Only the lines that hold "import" should be in the answer, each copied from the data below.
______________________________
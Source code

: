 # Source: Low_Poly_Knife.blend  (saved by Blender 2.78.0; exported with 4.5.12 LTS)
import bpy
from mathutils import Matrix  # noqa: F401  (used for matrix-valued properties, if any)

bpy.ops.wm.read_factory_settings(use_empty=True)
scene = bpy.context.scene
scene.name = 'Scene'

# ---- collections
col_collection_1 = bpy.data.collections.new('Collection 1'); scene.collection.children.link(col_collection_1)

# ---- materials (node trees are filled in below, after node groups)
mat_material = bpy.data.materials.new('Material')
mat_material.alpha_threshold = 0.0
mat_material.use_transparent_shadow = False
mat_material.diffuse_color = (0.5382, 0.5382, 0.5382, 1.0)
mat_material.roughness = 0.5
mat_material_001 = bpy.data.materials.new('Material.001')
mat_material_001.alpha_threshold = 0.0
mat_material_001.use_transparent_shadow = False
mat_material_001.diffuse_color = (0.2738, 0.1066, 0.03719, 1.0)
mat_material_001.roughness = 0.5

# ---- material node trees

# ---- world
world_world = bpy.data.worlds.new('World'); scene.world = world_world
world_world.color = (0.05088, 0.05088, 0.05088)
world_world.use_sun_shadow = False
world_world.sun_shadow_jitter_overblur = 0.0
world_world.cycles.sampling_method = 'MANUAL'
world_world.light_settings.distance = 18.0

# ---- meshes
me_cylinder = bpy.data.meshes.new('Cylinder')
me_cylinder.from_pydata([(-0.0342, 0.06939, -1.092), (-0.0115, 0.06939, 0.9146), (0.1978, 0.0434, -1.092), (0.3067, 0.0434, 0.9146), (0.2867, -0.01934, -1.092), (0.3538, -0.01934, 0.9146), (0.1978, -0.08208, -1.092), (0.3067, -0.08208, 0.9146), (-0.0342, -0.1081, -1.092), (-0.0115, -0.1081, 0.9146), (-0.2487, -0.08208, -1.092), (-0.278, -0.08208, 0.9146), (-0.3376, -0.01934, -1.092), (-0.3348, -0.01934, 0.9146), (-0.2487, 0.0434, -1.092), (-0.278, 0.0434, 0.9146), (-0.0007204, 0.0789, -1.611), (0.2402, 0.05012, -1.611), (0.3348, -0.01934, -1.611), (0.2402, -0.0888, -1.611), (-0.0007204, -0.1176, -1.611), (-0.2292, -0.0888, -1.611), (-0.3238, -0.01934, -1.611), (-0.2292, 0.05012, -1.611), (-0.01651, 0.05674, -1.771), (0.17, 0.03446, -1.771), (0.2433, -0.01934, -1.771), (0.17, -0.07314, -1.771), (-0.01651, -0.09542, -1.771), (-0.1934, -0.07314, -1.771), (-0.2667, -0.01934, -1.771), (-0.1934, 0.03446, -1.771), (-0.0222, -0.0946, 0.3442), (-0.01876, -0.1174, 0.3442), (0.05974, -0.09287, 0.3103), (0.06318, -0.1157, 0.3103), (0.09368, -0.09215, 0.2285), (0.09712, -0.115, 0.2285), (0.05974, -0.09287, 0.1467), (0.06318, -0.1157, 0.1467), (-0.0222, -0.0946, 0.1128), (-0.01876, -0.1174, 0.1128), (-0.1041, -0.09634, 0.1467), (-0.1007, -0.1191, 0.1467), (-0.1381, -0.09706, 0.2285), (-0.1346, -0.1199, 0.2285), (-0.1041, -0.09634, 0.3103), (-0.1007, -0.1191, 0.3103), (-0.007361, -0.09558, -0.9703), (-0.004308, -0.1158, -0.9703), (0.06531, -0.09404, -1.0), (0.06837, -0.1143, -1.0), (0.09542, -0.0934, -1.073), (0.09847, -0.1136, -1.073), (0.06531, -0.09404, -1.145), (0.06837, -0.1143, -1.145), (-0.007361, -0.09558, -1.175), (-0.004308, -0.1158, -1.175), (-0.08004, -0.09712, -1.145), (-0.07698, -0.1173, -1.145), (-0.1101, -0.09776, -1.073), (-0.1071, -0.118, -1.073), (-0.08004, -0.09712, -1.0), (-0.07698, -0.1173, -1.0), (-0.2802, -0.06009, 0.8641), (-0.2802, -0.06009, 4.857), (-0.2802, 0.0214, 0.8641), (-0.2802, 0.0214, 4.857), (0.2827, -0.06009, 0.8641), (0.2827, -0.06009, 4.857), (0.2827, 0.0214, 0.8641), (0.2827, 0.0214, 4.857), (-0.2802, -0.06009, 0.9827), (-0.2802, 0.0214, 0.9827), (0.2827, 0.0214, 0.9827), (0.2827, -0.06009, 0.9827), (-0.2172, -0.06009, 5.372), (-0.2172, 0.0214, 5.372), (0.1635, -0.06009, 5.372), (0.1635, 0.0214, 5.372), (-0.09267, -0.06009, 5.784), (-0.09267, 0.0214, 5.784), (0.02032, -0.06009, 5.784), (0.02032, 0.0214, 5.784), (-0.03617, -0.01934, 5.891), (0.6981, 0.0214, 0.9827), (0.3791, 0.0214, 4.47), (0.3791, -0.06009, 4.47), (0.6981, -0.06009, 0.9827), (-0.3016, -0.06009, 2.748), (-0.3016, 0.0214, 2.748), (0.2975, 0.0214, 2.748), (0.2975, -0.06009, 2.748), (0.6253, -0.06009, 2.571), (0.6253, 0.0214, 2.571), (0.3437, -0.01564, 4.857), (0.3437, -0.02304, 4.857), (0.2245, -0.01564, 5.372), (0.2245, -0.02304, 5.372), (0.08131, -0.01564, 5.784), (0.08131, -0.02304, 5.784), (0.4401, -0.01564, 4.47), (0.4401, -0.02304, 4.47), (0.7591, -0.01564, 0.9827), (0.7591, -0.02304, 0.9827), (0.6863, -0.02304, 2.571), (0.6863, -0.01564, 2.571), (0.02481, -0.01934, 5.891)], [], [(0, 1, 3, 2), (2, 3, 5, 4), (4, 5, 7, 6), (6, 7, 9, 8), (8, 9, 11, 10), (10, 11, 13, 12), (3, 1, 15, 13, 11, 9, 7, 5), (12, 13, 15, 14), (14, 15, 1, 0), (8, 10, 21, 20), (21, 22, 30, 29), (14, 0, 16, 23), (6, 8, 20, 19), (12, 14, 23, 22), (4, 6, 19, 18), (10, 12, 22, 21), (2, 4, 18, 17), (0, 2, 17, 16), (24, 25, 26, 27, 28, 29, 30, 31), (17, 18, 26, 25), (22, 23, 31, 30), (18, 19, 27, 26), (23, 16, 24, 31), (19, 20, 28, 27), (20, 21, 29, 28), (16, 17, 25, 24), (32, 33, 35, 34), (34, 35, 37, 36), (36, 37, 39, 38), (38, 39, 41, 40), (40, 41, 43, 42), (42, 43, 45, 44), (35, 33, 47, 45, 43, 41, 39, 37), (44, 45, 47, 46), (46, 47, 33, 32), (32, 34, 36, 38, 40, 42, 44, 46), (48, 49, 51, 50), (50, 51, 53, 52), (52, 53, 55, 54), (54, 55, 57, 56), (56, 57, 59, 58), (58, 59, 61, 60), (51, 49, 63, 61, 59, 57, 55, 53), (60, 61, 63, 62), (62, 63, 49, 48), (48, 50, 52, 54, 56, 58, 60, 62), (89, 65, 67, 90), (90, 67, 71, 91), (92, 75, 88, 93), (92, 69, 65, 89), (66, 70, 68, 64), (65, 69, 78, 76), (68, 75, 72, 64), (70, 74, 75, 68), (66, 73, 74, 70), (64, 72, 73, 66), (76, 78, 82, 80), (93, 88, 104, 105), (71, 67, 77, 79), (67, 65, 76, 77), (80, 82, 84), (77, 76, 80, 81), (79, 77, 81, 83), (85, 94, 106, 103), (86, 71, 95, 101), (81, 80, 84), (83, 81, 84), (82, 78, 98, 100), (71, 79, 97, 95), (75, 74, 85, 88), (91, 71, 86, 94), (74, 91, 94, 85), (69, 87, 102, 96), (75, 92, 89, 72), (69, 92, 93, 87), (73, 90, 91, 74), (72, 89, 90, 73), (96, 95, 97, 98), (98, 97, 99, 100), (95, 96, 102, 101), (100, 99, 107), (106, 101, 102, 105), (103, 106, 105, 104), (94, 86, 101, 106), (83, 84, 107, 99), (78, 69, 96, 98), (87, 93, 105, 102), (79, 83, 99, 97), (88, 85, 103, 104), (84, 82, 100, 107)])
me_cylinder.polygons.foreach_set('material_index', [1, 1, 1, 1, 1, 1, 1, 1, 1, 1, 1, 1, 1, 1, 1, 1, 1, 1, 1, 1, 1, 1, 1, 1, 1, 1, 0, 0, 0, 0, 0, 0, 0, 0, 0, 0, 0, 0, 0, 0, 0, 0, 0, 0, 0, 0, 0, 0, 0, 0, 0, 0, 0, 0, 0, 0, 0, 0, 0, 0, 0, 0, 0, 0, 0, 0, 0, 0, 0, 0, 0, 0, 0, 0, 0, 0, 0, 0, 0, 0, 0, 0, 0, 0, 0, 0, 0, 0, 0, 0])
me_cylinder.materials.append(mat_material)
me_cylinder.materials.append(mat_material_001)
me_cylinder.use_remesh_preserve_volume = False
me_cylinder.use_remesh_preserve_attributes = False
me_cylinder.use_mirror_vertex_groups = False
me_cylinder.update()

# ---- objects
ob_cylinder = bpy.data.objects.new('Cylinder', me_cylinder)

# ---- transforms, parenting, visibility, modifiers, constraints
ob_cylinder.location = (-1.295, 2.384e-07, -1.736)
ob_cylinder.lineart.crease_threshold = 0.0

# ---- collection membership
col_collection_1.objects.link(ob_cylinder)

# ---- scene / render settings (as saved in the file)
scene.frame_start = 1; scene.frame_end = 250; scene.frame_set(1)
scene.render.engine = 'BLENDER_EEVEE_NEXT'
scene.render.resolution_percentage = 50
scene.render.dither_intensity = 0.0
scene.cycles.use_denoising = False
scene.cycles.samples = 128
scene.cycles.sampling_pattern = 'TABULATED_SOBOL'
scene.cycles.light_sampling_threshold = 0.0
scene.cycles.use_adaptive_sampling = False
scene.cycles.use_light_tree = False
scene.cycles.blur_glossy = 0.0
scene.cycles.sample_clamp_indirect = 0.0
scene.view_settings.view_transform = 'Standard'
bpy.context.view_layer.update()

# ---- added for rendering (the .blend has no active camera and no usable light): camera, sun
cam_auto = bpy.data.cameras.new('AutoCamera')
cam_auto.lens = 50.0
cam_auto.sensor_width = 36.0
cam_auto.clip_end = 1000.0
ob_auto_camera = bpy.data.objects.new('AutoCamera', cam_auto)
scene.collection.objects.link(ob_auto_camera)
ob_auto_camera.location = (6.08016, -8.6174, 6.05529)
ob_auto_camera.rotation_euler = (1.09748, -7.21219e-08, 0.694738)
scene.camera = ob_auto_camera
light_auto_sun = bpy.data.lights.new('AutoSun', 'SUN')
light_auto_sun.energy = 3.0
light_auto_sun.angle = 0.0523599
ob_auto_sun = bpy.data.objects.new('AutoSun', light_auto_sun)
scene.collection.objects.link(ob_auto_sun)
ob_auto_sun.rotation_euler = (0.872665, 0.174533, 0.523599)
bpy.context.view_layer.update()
______________________________
_WORKED SOLUTION_.
import bpy
from mathutils import Matrix  # noqa: F401  (used for matrix-valued properties, if any)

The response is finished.